Petronas’ strong balance sheet to compensate for weak oil prices

The national O&G firm is assessed at ‘AA’ as they benefitted from vertically integrated business profiles

by SHAZNI ONG / pic by TMR FILE

FITCH Ratings Inc maintained Petroliam Nasional Bhd’s (Petronas) issuer default ratings (IDRs) at “A-/Negative” despite expectations that the company is facing a far more challenging year.

Fitch Ratings added that Petronas has the strongest balance sheet among Asia-Pacific oil and gas (O&G) companies and commensurate with its standalone credit profiles (SACPs) as it has maintained a net cash position for over a decade.

That said, Fitch Ratings expects almost all Asia-Pacific O&G companies to post negative free cashflow in 2020.

The rating agency said this is due to lower O&G prices stemming from the coronavirus pandemic and will continue to be so beyond 2021 in most cases albeit with gradual improvement due to higher price assumptions.

“However, their IDRs and outlooks have stayed mostly unchanged in the current downturn except in the case of changes in sovereign rating outlooks or revisions to their parents’ SACPs.

“Our opinion of weaker linkage is driven by the fact that the majority of Fitch Ratings-rated Asia-Pacific O&G companies are government-related entities (GREs) or have parent companies that are GREs and their IDRs are linked to or affected by sovereign ratings or by the ratings of their GRE parent companies,” the firm said.

For the first half ended June 30, 2020 (1H20), Petronas posted a net loss of RM16.5 billion versus RM28.9 billion for the previous corresponding period.

Meanwhile, cumulative revenue fell 22.7% to RM93.6 billion from RM121.11 billion in 1H19.

Despite the net loss, the national O&G firm generated an operating cashflow of RM26.26 billion in 1H20. Its cash pile stood at RM156.86 billion as at June 30.

Fitch Ratings also expects companies with stronger balance sheets and flexibility to adjust capital expenditure and costs, or those that have some cashflow protection to maintain their SACPs during this downturn despite a temporary increase in leverage and negative free cashflow generation.
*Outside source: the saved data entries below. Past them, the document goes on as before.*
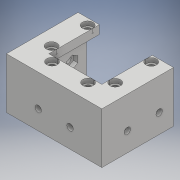
# Autodesk Inventor part: april_tag
Saved by Autodesk Inventor 2018 (Build 220112000, 112)
## iProperties
Created: 2018-06-13
Part Number: april_tag
Material: Generic
Document SubType Name: Modeling
Designer: bitbots
Density: 1 g/cm^3
Appearance: Default
Author: bitbots
Autodesk Inventor part; units mm, degrees
ref_plane "YZ Plane" through (0, 0, 0) normal (1, 0, 0) x (0, 1, 0)
ref_plane "Work Plane1" through (0, 0, 0) normal (0, 0, 1) x (1, 0, 0)
sketch "Sketch1" plane through (0, 0, 0) normal (0, 0, 1) x (1, 0, 0)
  line L0 (-12.7, 12) -> (-9.2, 12) construction
  line L1 (-12.7, 12) -> (-17.8, 6) construction
  line L2 (-17.8, 6) -> (-17.8, -32.6) construction
  line L3 (-17.8, -32.6) -> (-12.7, -38.6) construction
  line L4 (-12.7, -38.6) -> (12.7, -38.6) construction
  line L5 (12.7, -38.6) -> (17.8, -32.6) construction
  line L6 (17.8, -32.6) -> (17.8, 6) construction
  line L7 (17.8, 6) -> (12.7, 12) construction
  line L8 (9.2, 12) -> (12.7, 12) construction
  arc A0 (12.2, 9) -> (9.2, 12) centre (9.2, 9) ccw construction
  line L9 (12.2, -30) -> (12.2, 9) construction
  arc A1 (9.2, -33) -> (12.2, -30) centre (9.2, -30) ccw construction
  line L10 (-9.2, -33) -> (9.2, -33) construction
  arc A2 (-12.2, -30) -> (-9.2, -33) centre (-9.2, -30) ccw construction
  line L11 (-12.2, 9) -> (-12.2, -30) construction
  arc A3 (-9.2, 12) -> (-12.2, 9) centre (-9.2, 9) ccw construction
  circle A4 centre (-15, 4.5) radius 1.35 construction
  circle A5 centre (-15, -12.5) radius 1.35 construction
  circle A6 centre (-8.5, -35.8) radius 1.35 construction
  circle A7 centre (15, 4.5) radius 1.35 construction
  circle A8 centre (15, -12.5) radius 1.35 construction
  circle A9 centre (8.5, -35.8) radius 1.35 construction
  circle A10 centre (-15, -29.5) radius 1.35 construction
  circle A11 centre (15, -29.5) radius 1.35 construction
  line L12 (-15, -12.5) -> (-12.5, -12.5) construction
  line L13 (-12.5, -12.5) -> (-12.5, -9.5) construction
  line L14 (-12.5, -9.5) -> (-15, -9.5) construction
  line L15 (-15, -9.5) -> (-15, -12.5) construction
  line L16 (15, -12.5) -> (12.5, -12.5) construction
  line L17 (12.5, -12.5) -> (12.5, -9.5) construction
  line L18 (12.5, -9.5) -> (15, -9.5) construction
  line L19 (15, -9.5) -> (15, -12.5) construction
  line L20 (-8.5, -35.8) -> (-12.5, -35.8) construction
  line L21 (-12.5, -35.8) -> (-12.5, -33.3) construction
  line L22 (-12.5, -33.3) -> (-8.5, -33.3) construction
  line L23 (-8.5, -33.3) -> (-8.5, -35.8) construction
  line L24 (8.5, -35.8) -> (12.5, -35.8) construction
  line L25 (12.5, -35.8) -> (12.5, -33.3) construction
  line L26 (12.5, -33.3) -> (8.5, -33.3) construction
  line L27 (8.5, -33.3) -> (8.5, -35.8) construction
  line L28 (-12.5, -9.5) -> (-22.5, -9.5)
  line L29 (-22.5, -9.5) -> (-22.5, -33.3)
  line L30 (-22.5, -33.3) -> (-12.5, -33.3)
  line L31 (-12.5, -33.3) -> (-12.5, -9.5)
  line L32 (12.5, -9.5) -> (22.5, -9.5)
  line L33 (22.5, -9.5) -> (22.5, -33.3)
  line L34 (22.5, -33.3) -> (12.5, -33.3)
  line L35 (12.5, -33.3) -> (12.5, -9.5)
  line L36 (-22.5, -33.3) -> (22.5, -33.3)
  line L37 (22.5, -33.3) -> (22.5, -43.3)
  line L38 (22.5, -43.3) -> (-22.5, -43.3)
  line L39 (-22.5, -43.3) -> (-22.5, -33.3)
  circle A12 centre (-15, -12.5) radius 1.5
  circle A13 centre (-15, -29.5) radius 1.5
  circle A14 centre (-8.5, -35.8) radius 1.5
  circle A15 centre (8.5, -35.8) radius 1.5
  circle A16 centre (15, -29.5) radius 1.5
  circle A17 centre (15, -12.5) radius 1.5
  point P0 (0, 0)
  dimension "d0" = 2.5
  dimension "d1" = 3
  dimension "d2" = 2.5
  dimension "d3" = 3
  dimension "d4" = 4
  dimension "d5" = 2.5
  dimension "d6" = 4
  dimension "d7" = 2.5
  dimension "d9" = 10
  dimension "d10" = 10
  dimension "d11" = 10
  dimension "d12" = 3
  dimension "d13" = 3
  dimension "d14" = 3
  dimension "d15" = 3
  dimension "d16" = 3
  dimension "d17" = 3
  constraints: 56 end point, 14 parallel, 7 horizontal, 7 perpendicular, 6 centre point, 6 coincident, 2 point on line
  measures "d0" distance of L14.end L13.end
  measures "d1" distance of L13.end L12.end
  measures "d2" distance of L17.end L18.end
  measures "d3" distance of L16.end L17.end
  measures "d4" distance of L21.end L22.end
  measures "d5" distance of L20.end L21.end
  measures "d6" distance of L26.end L25.end
  measures "d7" distance of L25.end L24.end
  measures "d9" distance of L30.end L29.end
  measures "d10" distance of L33.end L34.end
  measures "d11" distance of L36.end L37.end
  measures "d12" diameter of A12
  measures "d13" diameter of A13
  measures "d14" diameter of A14
  measures "d15" diameter of A15
  measures "d16" diameter of A16
  measures "d17" diameter of A17
extrude "Extrusion1" add sketch "Sketch1" along normal blind 2
sketch "Sketch2" plane through (-22.5, -43.3, 0) normal (0, -1, 0) x (1, 0, 0)
  line L0 (0, 0) -> (45, 0) projected
  line L1 (45, 0) -> (45, 2) projected
  line L2 (0, 2) -> (45, 2) projected
  line L3 (0, 0) -> (0, 2) projected
  line L4 (0, 0) -> (45, 0)
  line L5 (45, 0) -> (45, -20)
  line L6 (45, -20) -> (0, -20)
  line L7 (0, -20) -> (0, 0)
  point P0 (22.5, 0)
  dimension "d20" = 20
  constraints: 8 end point, 2 parallel, 1 horizontal, 1 perpendicular
  measures "d20" distance of L4.end L5.end
extrude "Extrusion2" add sketch "Sketch2" against normal blind 4
ref_plane "Work Plane2" through (0, -43.3, 2) normal (-1, 0, 0) x (0, 0, 1)
sketch "Sketch3" plane through (-22.5, -43.3, 2) normal (-1, 0, 0) x (0, 0, 1)
  line L0 (0, 33.8) -> (0, 0) projected
  line L1 (-2, 33.8) -> (0, 33.8) projected
  line L2 (-2, 33.8) -> (-2, 4) projected
  line L3 (-22, 4) -> (-2, 4) projected
  line L4 (-22, 0) -> (-22, 4) projected
  line L5 (-22, 0) -> (0, 0) projected
  line L6 (-2, 33.8) -> (-2, 4) projected
  line L7 (-2, 4) -> (-22, 4)
  line L8 (-22, 4) -> (-22, 33.8)
  line L9 (-22, 33.8) -> (-2, 33.8)
  line L10 (-2, 33.8) -> (-2, 4)
  point P0 (-2, 43.3)
  constraints: 8 end point, 2 parallel, 1 horizontal, 1 perpendicular
extrude "Extrusion3" add sketch "Sketch3" against normal blind 4
mirror "Mirror1" about plane through (0, -43.3, 2) normal (-1, 0, 0) of "Extrusion3"
sketch "Sketch4" plane through (0, 0, 2) normal (0, 0, 1) x (1, 0, 0)
  line L0 (22.5, -9.5) -> (12.5, -9.5) projected
  line L1 (12.5, -9.5) -> (12.5, -33.3) projected
  line L2 (12.5, -33.3) -> (-12.5, -33.3) projected
  line L3 (-12.5, -33.3) -> (-12.5, -9.5) projected
  line L4 (-12.5, -9.5) -> (-22.5, -9.5) projected
  line L5 (-22.5, -9.5) -> (-22.5, -43.3) projected
  line L6 (-22.5, -43.3) -> (22.5, -43.3) projected
  line L7 (22.5, -43.3) -> (22.5, -9.5) projected
  circle A0 centre (8.5, -35.8) radius 1.5 projected
  circle A1 centre (-8.5, -35.8) radius 1.5 projected
  circle A2 centre (15, -12.5) radius 1.5 projected
  circle A3 centre (15, -29.5) radius 1.5 projected
  circle A4 centre (-15, -29.5) radius 1.5 projected
  circle A5 centre (-15, -12.5) radius 1.5 projected
  circle A6 centre (8.5, -35.8) radius 2.5
  circle A7 centre (15, -29.5) radius 1.5 projected
  circle A8 centre (15, -29.5) radius 2.5
  circle A9 centre (15, -12.5) radius 2.5
  circle A10 centre (-8.5, -35.8) radius 2.5
  circle A11 centre (-15, -29.5) radius 1.5 projected
  circle A12 centre (-15, -29.5) radius 2.5
  circle A13 centre (-15, -12.5) radius 2.5
  point P0 (0, 0)
  dimension "d25" = 5
  dimension "d26" = 5
  dimension "d27" = 5
  dimension "d28" = 5
  dimension "d29" = 5
  dimension "d30" = 5
  constraints: 6 centre point, 6 coincident
  measures "d25" diameter of A6
  measures "d26" diameter of A8
  measures "d27" diameter of A9
  measures "d28" diameter of A10
  measures "d29" diameter of A12
  measures "d30" diameter of A13
extrude "Extrusion4" add sketch "Sketch4" along normal blind 2 contours L7 L6 L5 L4 L3 L2 L1 L0
sketch "Sketch5" plane through (-22.5, -43.3, -20) normal (0, -1, 0) x (1, 0, 0)
  line L0 (0, 0) -> (0, 24) construction
  line L1 (0, 0) -> (45, 0) construction
  line L2 (45, 0) -> (45, 24) construction
  line L3 (0, 24) -> (45, 24) construction
  line L4 (0, 24) -> (15, 24) construction
  line L5 (15, 24) -> (15, 9) construction
  line L6 (15, 9) -> (0, 9) construction
  line L7 (0, 9) -> (0, 24) construction
  line L8 (15, 9) -> (30, 9) construction
  circle A0 centre (15, 9) radius 1.5
  circle A1 centre (30, 9) radius 1.5
  point P0 (22.5, 20)
  dimension "d33" = 15
  dimension "d34" = 15
  dimension "d35" = 15
  dimension "d36" = 3
  dimension "d37" = 3
  constraints: 10 end point, 2 centre point, 2 coincident, 2 horizontal, 2 parallel, 1 perpendicular
  measures "d33" distance of L5.end L6.end
  measures "d34" distance of L4.end L5.end
  measures "d35" distance of L5.end L8.end
  measures "d36" diameter of A0
  measures "d37" diameter of A1
extrude "Extrusion5" cut sketch "Sketch5" against normal through all
sketch "Sketch6" plane through (-22.5, -39.3, 0) normal (0, 1, 0) x (1, 0, 0)
  circle A0 centre (15, 11) radius 1.5 projected
  circle A1 centre (30, 11) radius 1.5 projected
  line L0 (41, 0) -> (41, 20) projected
  line L1 (41, 20) -> (4, 20) projected
  line L2 (4, 20) -> (4, 0) projected
  line L3 (41, 0) -> (4, 0) projected
  line L4 (15, 11) -> (17.6, 11)
  line L5 (17.6, 9.4989) -> (15, 7.9978)
  line L6 (15, 7.9978) -> (12.4, 9.4989)
  line L7 (12.4, 9.4989) -> (12.4, 12.5011)
  line L8 (12.4, 12.5011) -> (15, 14.0022)
  line L9 (15, 14.0022) -> (17.6, 12.5011)
  line L10 (17.6, 12.5011) -> (17.6, 9.4989)
  line L11 (30, 11) -> (32.6, 11)
  line L12 (32.6, 9.4989) -> (30, 7.9978)
  line L13 (30, 7.9978) -> (27.4, 9.4989)
  line L14 (27.4, 9.4989) -> (27.4, 12.5011)
  line L15 (27.4, 12.5011) -> (30, 14.0022)
  line L16 (30, 14.0022) -> (32.6, 12.5011)
  line L17 (32.6, 12.5011) -> (32.6, 9.4989)
  point P0 (22.5, 0)
  dimension "d40" = 2.6
  dimension "d41" = 2.6
  constraints: 28 end point, 2 coincident, 2 horizontal, 2 midpoint, 26 other
  measures "d40" distance of L4.start L4.end
  measures "d41" distance of L11.start L11.end
extrude "Extrusion6" cut sketch "Sketch6" against normal blind 2 contours L10 L5 L6 L7 L8 L9 | L17 L12 L13 L14 L15 L16
sketch "Sketch7" plane through (-22.5, -43.3, -20) normal (-1, 0, 0) x (0, 0, 1)
  line L0 (0, 33.8) -> (24, 33.8) construction
  line L1 (0, 0) -> (0, 33.8) construction
  line L2 (0, 0) -> (24, 0) construction
  line L3 (24, 33.8) -> (24, 0) construction
  line L4 (0, 33.8) -> (10, 33.8) construction
  line L5 (10, 33.8) -> (10, 28.8) construction
  line L6 (10, 28.8) -> (0, 28.8) construction
  line L7 (0, 28.8) -> (0, 33.8) construction
  line L8 (0, 0) -> (0, 33.8) construction
  line L9 (0, 0) -> (9, 0) construction
  line L10 (9, 0) -> (9, 12) construction
  line L11 (9, 12) -> (0, 12) construction
  line L12 (0, 12) -> (0, 0) construction
  line L13 (9, 12) -> (9, 27) construction
  circle A0 centre (9, 27) radius 1.5
  circle A1 centre (9, 12) radius 1.5
  point P0 (20, 43.3)
  dimension "d44" = 10
  dimension "d45" = 5
  dimension "d46" = 9
  dimension "d47" = 12
  dimension "d48" = 15
  dimension "d49" = 3
  dimension "d50" = 3
  constraints: 18 end point, 4 parallel, 2 centre point, 2 coincident, 2 horizontal, 2 perpendicular, 1 vertical
  measures "d44" distance of L5.end L6.end
  measures "d45" distance of L4.end L5.end
  measures "d46" distance of L11.end L10.end
  measures "d47" distance of L10.end L9.end
  measures "d48" distance of L10.end L13.end
  measures "d49" diameter of A0
  measures "d50" diameter of A1
extrude "Extrusion7" cut sketch "Sketch7" against normal through all
sketch "Sketch8" plane through (-18.5, -43.3, 2) normal (1, 0, 0) x (0, 0, -1)
  circle A0 centre (13, 27) radius 1.5 construction
  circle A1 centre (13, 12) radius 1.5 construction
  line L0 (22, 4) -> (2, 4) construction
  line L1 (22, 4) -> (22, 33.8) construction
  line L2 (22, 33.8) -> (2, 33.8) construction
  line L3 (2, 4) -> (2, 33.8) construction
  line L4 (13, 12) -> (13, 14.6) construction
  line L5 (14.5011, 14.6) -> (16.0022, 12)
  line L6 (16.0022, 12) -> (14.5011, 9.4)
  line L7 (14.5011, 9.4) -> (11.4989, 9.4)
  line L8 (11.4989, 9.4) -> (9.9978, 12)
  line L9 (9.9978, 12) -> (11.4989, 14.6)
  line L10 (11.4989, 14.6) -> (14.5011, 14.6)
  circle A2 centre (13, 27) radius 1.5 projected
  line L11 (13, 27) -> (13, 29.6)
  line L12 (14.5011, 29.6) -> (16.0022, 27)
  line L13 (16.0022, 27) -> (14.5011, 24.4)
  line L14 (14.5011, 24.4) -> (11.4989, 24.4)
  line L15 (11.4989, 24.4) -> (9.9978, 27)
  line L16 (9.9978, 27) -> (11.4989, 29.6)
  line L17 (11.4989, 29.6) -> (14.5011, 29.6)
  point P0 (2, 43.3)
  dimension "d53" = 2.6
  dimension "d54" = 2.6
  constraints: 28 end point, 2 coincident, 2 midpoint, 2 vertical, 26 other
  measures "d53" distance of L4.start L4.end
  measures "d54" distance of L11.start L11.end
extrude "Extrusion8" cut sketch "Sketch8" against normal blind 2
mirror "Mirror2" about plane through (0, -43.3, 2) normal (-1, 0, 0) of "Extrusion8"
body "Solid1"

“Companies with weaker balance sheets and limited operating flexibility will be more affected by the lower oil prices, and their SACPs were also revised down, including those of Oil India Ltd (‘BBB-/Negative’) and PT Saka Energi Indonesia (‘BB/Negative’),” the firm added.

The rating agency also maintained an outlook similar to Asia-Pacific O&G companies as these companies mostly stayed unchanged in this economic downturn, except when revisions were made to sovereign outlooks, their parents’ SACPs.

In a report titled “Asia-Pacific Oil and Gas Companies — Peer Review”’ which was published on Monday, the American credit agency said Petronas’ SACPs is at “AA-“, higher than the rating of its owner, reflecting the company’s very strong financial profile, large scale and integrated O&G operations.

The company is 100%-owned by the state, which exerts significant influence over its operating and financial policies, the report said.

The outlook on its IDRs was revised to “Negative” from “Stable” in April 2020 following the revision of the outlook on Malaysia’s IDRs.

Fitch Ratings noted that besides China National Petroleum Corp, PetroChina Co Ltd and PTT pcl, Petronas was also assessed at “AA” as they benefitted from vertically integrated business profiles.

In addition, Fitch Ratings said Petronas and Chevron Nigeria Ltd are large producers with daily production of between one million to two million barrels of crude oil equivalent.